(Beginning of Dataset)
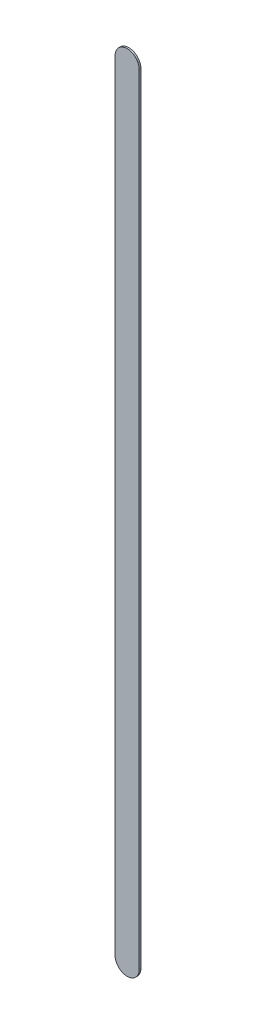
ISO-10303-21;
HEADER;
FILE_DESCRIPTION(('STEP AP214'),'2;1');
FILE_NAME('part.step','',(''),(''),'','','');
FILE_SCHEMA(('AUTOMOTIVE_DESIGN { 1 0 10303 214 1 1 1 1 }'));
ENDSEC;
DATA;
#1=APPLICATION_CONTEXT('core data for automotive mechanical design processes');
#2=APPLICATION_PROTOCOL_DEFINITION('international standard','automotive_design',2000,#1);
#3=PRODUCT_CONTEXT('',#1,'mechanical');
#4=PRODUCT('Part','Part','',(#3));
#5=PRODUCT_RELATED_PRODUCT_CATEGORY('part','',(#4));
#6=PRODUCT_DEFINITION_FORMATION('','',#4);
#7=PRODUCT_DEFINITION_CONTEXT('part definition',#1,'design');
#8=PRODUCT_DEFINITION('design','',#6,#7);
#9=PRODUCT_DEFINITION_SHAPE('','',#8);
#10=(LENGTH_UNIT() NAMED_UNIT(*) SI_UNIT(.MILLI.,.METRE.));
#11=(NAMED_UNIT(*) PLANE_ANGLE_UNIT() SI_UNIT($,.RADIAN.));
#12=(NAMED_UNIT(*) SI_UNIT($,.STERADIAN.) SOLID_ANGLE_UNIT());
#13=UNCERTAINTY_MEASURE_WITH_UNIT(LENGTH_MEASURE(1.E-05),#10,'distance_accuracy_value','');
#14=(GEOMETRIC_REPRESENTATION_CONTEXT(3) GLOBAL_UNCERTAINTY_ASSIGNED_CONTEXT((#13)) GLOBAL_UNIT_ASSIGNED_CONTEXT((#10,
#11,#12)) REPRESENTATION_CONTEXT('',''));
#15=CARTESIAN_POINT('',(0.,0.,0.));
#16=DIRECTION('',(0.,0.,1.));
#17=DIRECTION('',(1.,0.,0.));
#18=AXIS2_PLACEMENT_3D('',#15,#16,#17);
#19=CARTESIAN_POINT('',(108.1499996,88.5000008,0.));
#20=DIRECTION('',(-1.,0.,0.));
#21=DIRECTION('',(0.,1.,0.));
#22=AXIS2_PLACEMENT_3D('',#19,#20,#21);
#23=PLANE('',#22);
#24=DIRECTION('',(0.,1.,0.));
#25=VECTOR('',#24,1.);
#26=CARTESIAN_POINT('',(108.1499996,88.5000008,0.03556));
#27=LINE('',#26,#25);
#28=CARTESIAN_POINT('',(108.1499996,88.5000008,0.03556));
#29=VERTEX_POINT('',#28);
#30=CARTESIAN_POINT('',(108.1499996,104.62201072,0.03556));
#31=VERTEX_POINT('',#30);
#32=EDGE_CURVE('E11',#29,#31,#27,.T.);
#33=ORIENTED_EDGE('',*,*,#32,.F.);
#34=DIRECTION('',(0.,0.,1.));
#35=VECTOR('',#34,1.);
#36=CARTESIAN_POINT('',(108.1499996,88.5000008,0.));
#37=LINE('',#36,#35);
#38=CARTESIAN_POINT('',(108.1499996,88.5000008,0.));
#39=VERTEX_POINT('',#38);
#40=EDGE_CURVE('E24',#39,#29,#37,.T.);
#41=ORIENTED_EDGE('',*,*,#40,.F.);
#42=DIRECTION('',(0.,1.,0.));
#43=VECTOR('',#42,1.);
#44=CARTESIAN_POINT('',(108.1499996,88.5000008,0.));
#45=LINE('',#44,#43);
#46=CARTESIAN_POINT('',(108.1499996,104.62201072,0.));
#47=VERTEX_POINT('',#46);
#48=EDGE_CURVE('E75',#39,#47,#45,.T.);
#49=ORIENTED_EDGE('',*,*,#48,.T.);
#50=DIRECTION('',(0.,0.,1.));
#51=VECTOR('',#50,1.);
#52=CARTESIAN_POINT('',(108.1499996,104.62201072,0.));
#53=LINE('',#52,#51);
#54=EDGE_CURVE('E37',#47,#31,#53,.T.);
#55=ORIENTED_EDGE('',*,*,#54,.T.);
#56=EDGE_LOOP('',(#33,#41,#49,#55));
#57=FACE_BOUND('',#56,.T.);
#58=ADVANCED_FACE('F17',(#57),#23,.F.);
#59=CARTESIAN_POINT('',(107.9000001,104.62201072,0.));
#60=DIRECTION('',(0.,0.,-1.));
#61=DIRECTION('',(1.,0.,0.));
#62=AXIS2_PLACEMENT_3D('',#59,#60,#61);
#63=CYLINDRICAL_SURFACE('',#62,0.249999500000001);
#64=CARTESIAN_POINT('',(107.9000001,104.62201072,0.03556));
#65=DIRECTION('',(0.,0.,1.));
#66=DIRECTION('',(1.,0.,0.));
#67=AXIS2_PLACEMENT_3D('',#64,#65,#66);
#68=CIRCLE('',#67,0.249999500000001);
#69=CARTESIAN_POINT('',(107.6500006,104.62201072,0.03556));
#70=VERTEX_POINT('',#69);
#71=EDGE_CURVE('E83',#31,#70,#68,.T.);
#72=ORIENTED_EDGE('',*,*,#71,.F.);
#73=ORIENTED_EDGE('',*,*,#54,.F.);
#74=CARTESIAN_POINT('',(107.9000001,104.62201072,0.));
#75=DIRECTION('',(0.,0.,1.));
#76=DIRECTION('',(1.,0.,0.));
#77=AXIS2_PLACEMENT_3D('',#74,#75,#76);
#78=CIRCLE('',#77,0.249999500000001);
#79=CARTESIAN_POINT('',(107.6500006,104.62201072,0.));
#80=VERTEX_POINT('',#79);
#81=EDGE_CURVE('E81',#47,#80,#78,.T.);
#82=ORIENTED_EDGE('',*,*,#81,.T.);
#83=DIRECTION('',(0.,0.,1.));
#84=VECTOR('',#83,1.);
#85=CARTESIAN_POINT('',(107.6500006,104.62201072,0.));
#86=LINE('',#85,#84);
#87=EDGE_CURVE('E67',#80,#70,#86,.T.);
#88=ORIENTED_EDGE('',*,*,#87,.T.);
#89=EDGE_LOOP('',(#72,#73,#82,#88));
#90=FACE_BOUND('',#89,.T.);
#91=ADVANCED_FACE('F89',(#90),#63,.T.);
#92=CARTESIAN_POINT('',(107.6500006,104.62201072,0.));
#93=DIRECTION('',(1.,0.,0.));
#94=DIRECTION('',(0.,-1.,0.));
#95=AXIS2_PLACEMENT_3D('',#92,#93,#94);
#96=PLANE('',#95);
#97=DIRECTION('',(0.,-1.,0.));
#98=VECTOR('',#97,1.);
#99=CARTESIAN_POINT('',(107.6500006,104.62201072,0.03556));
#100=LINE('',#99,#98);
#101=CARTESIAN_POINT('',(107.6500006,88.5000008,0.03556));
#102=VERTEX_POINT('',#101);
#103=EDGE_CURVE('E71',#70,#102,#100,.T.);
#104=ORIENTED_EDGE('',*,*,#103,.F.);
#105=ORIENTED_EDGE('',*,*,#87,.F.);
#106=DIRECTION('',(0.,-1.,0.));
#107=VECTOR('',#106,1.);
#108=CARTESIAN_POINT('',(107.6500006,104.62201072,0.));
#109=LINE('',#108,#107);
#110=CARTESIAN_POINT('',(107.6500006,88.5000008,0.));
#111=VERTEX_POINT('',#110);
#112=EDGE_CURVE('E63',#80,#111,#109,.T.);
#113=ORIENTED_EDGE('',*,*,#112,.T.);
#114=DIRECTION('',(0.,0.,1.));
#115=VECTOR('',#114,1.);
#116=CARTESIAN_POINT('',(107.6500006,88.5000008,0.));
#117=LINE('',#116,#115);
#118=EDGE_CURVE('E53',#111,#102,#117,.T.);
#119=ORIENTED_EDGE('',*,*,#118,.T.);
#120=EDGE_LOOP('',(#104,#105,#113,#119));
#121=FACE_BOUND('',#120,.T.);
#122=ADVANCED_FACE('F66',(#121),#96,.F.);
#123=CARTESIAN_POINT('',(107.9000001,88.5000008,0.));
#124=DIRECTION('',(0.,0.,-1.));
#125=DIRECTION('',(-1.,0.,0.));
#126=AXIS2_PLACEMENT_3D('',#123,#124,#125);
#127=CYLINDRICAL_SURFACE('',#126,0.249999500000001);
#128=CARTESIAN_POINT('',(107.9000001,88.5000008,0.03556));
#129=DIRECTION('',(0.,0.,1.));
#130=DIRECTION('',(-1.,0.,0.));
#131=AXIS2_PLACEMENT_3D('',#128,#129,#130);
#132=CIRCLE('',#131,0.249999500000001);
#133=EDGE_CURVE('E59',#102,#29,#132,.T.);
#134=ORIENTED_EDGE('',*,*,#133,.F.);
#135=ORIENTED_EDGE('',*,*,#118,.F.);
#136=CARTESIAN_POINT('',(107.9000001,88.5000008,0.));
#137=DIRECTION('',(0.,0.,1.));
#138=DIRECTION('',(-1.,0.,0.));
#139=AXIS2_PLACEMENT_3D('',#136,#137,#138);
#140=CIRCLE('',#139,0.249999500000001);
#141=EDGE_CURVE('E57',#111,#39,#140,.T.);
#142=ORIENTED_EDGE('',*,*,#141,.T.);
#143=ORIENTED_EDGE('',*,*,#40,.T.);
#144=EDGE_LOOP('',(#134,#135,#142,#143));
#145=FACE_BOUND('',#144,.T.);
#146=ADVANCED_FACE('F55',(#145),#127,.T.);
#147=CARTESIAN_POINT('',(108.1499996,88.5000008,0.));
#148=DIRECTION('',(0.,0.,-1.));
#149=DIRECTION('',(-1.,0.,0.));
#150=AXIS2_PLACEMENT_3D('',#147,#148,#149);
#151=PLANE('',#150);
#152=ORIENTED_EDGE('',*,*,#141,.F.);
#153=ORIENTED_EDGE('',*,*,#112,.F.);
#154=ORIENTED_EDGE('',*,*,#81,.F.);
#155=ORIENTED_EDGE('',*,*,#48,.F.);
#156=EDGE_LOOP('',(#152,#153,#154,#155));
#157=FACE_BOUND('',#156,.T.);
#158=ADVANCED_FACE('F74',(#157),#151,.T.);
#159=CARTESIAN_POINT('',(108.1499996,88.5000008,0.03556));
#160=DIRECTION('',(0.,0.,-1.));
#161=DIRECTION('',(-1.,0.,0.));
#162=AXIS2_PLACEMENT_3D('',#159,#160,#161);
#163=PLANE('',#162);
#164=ORIENTED_EDGE('',*,*,#32,.T.);
#165=ORIENTED_EDGE('',*,*,#71,.T.);
#166=ORIENTED_EDGE('',*,*,#103,.T.);
#167=ORIENTED_EDGE('',*,*,#133,.T.);
#168=EDGE_LOOP('',(#164,#165,#166,#167));
#169=FACE_BOUND('',#168,.T.);
#170=ADVANCED_FACE('F91',(#169),#163,.F.);
#171=CLOSED_SHELL('',(#58,#91,#122,#146,#158,#170));
#172=MANIFOLD_SOLID_BREP('B1',#171);
#173=ADVANCED_BREP_SHAPE_REPRESENTATION('',(#18,#172),#14);
#174=SHAPE_DEFINITION_REPRESENTATION(#9,#173);
ENDSEC;
END-ISO-10303-21;
(End of Dataset)
> What needs to be done
Using the data above, reproduce exactly the lines from the line that contains "#34=DIRECTION('',(0.,0.,1.));" through the line that contains "#69=CARTESIAN_POINT('',(107.6500006,104.62201072,0.03556));", including both.

> Answer to the exercise
#34=DIRECTION('',(0.,0.,1.));
#35=VECTOR('',#34,1.);
#36=CARTESIAN_POINT('',(108.1499996,88.5000008,0.));
#37=LINE('',#36,#35);
#38=CARTESIAN_POINT('',(108.1499996,88.5000008,0.));
#39=VERTEX_POINT('',#38);
#40=EDGE_CURVE('E24',#39,#29,#37,.T.);
#41=ORIENTED_EDGE('',*,*,#40,.F.);
#42=DIRECTION('',(0.,1.,0.));
#43=VECTOR('',#42,1.);
#44=CARTESIAN_POINT('',(108.1499996,88.5000008,0.));
#45=LINE('',#44,#43);
#46=CARTESIAN_POINT('',(108.1499996,104.62201072,0.));
#47=VERTEX_POINT('',#46);
#48=EDGE_CURVE('E75',#39,#47,#45,.T.);
#49=ORIENTED_EDGE('',*,*,#48,.T.);
#50=DIRECTION('',(0.,0.,1.));
#51=VECTOR('',#50,1.);
#52=CARTESIAN_POINT('',(108.1499996,104.62201072,0.));
#53=LINE('',#52,#51);
#54=EDGE_CURVE('E37',#47,#31,#53,.T.);
#55=ORIENTED_EDGE('',*,*,#54,.T.);
#56=EDGE_LOOP('',(#33,#41,#49,#55));
#57=FACE_BOUND('',#56,.T.);
#58=ADVANCED_FACE('F17',(#57),#23,.F.);
#59=CARTESIAN_POINT('',(107.9000001,104.62201072,0.));
#60=DIRECTION('',(0.,0.,-1.));
#61=DIRECTION('',(1.,0.,0.));
#62=AXIS2_PLACEMENT_3D('',#59,#60,#61);
#63=CYLINDRICAL_SURFACE('',#62,0.249999500000001);
#64=CARTESIAN_POINT('',(107.9000001,104.62201072,0.03556));
#65=DIRECTION('',(0.,0.,1.));
#66=DIRECTION('',(1.,0.,0.));
#67=AXIS2_PLACEMENT_3D('',#64,#65,#66);
#68=CIRCLE('',#67,0.249999500000001);
#69=CARTESIAN_POINT('',(107.6500006,104.62201072,0.03556));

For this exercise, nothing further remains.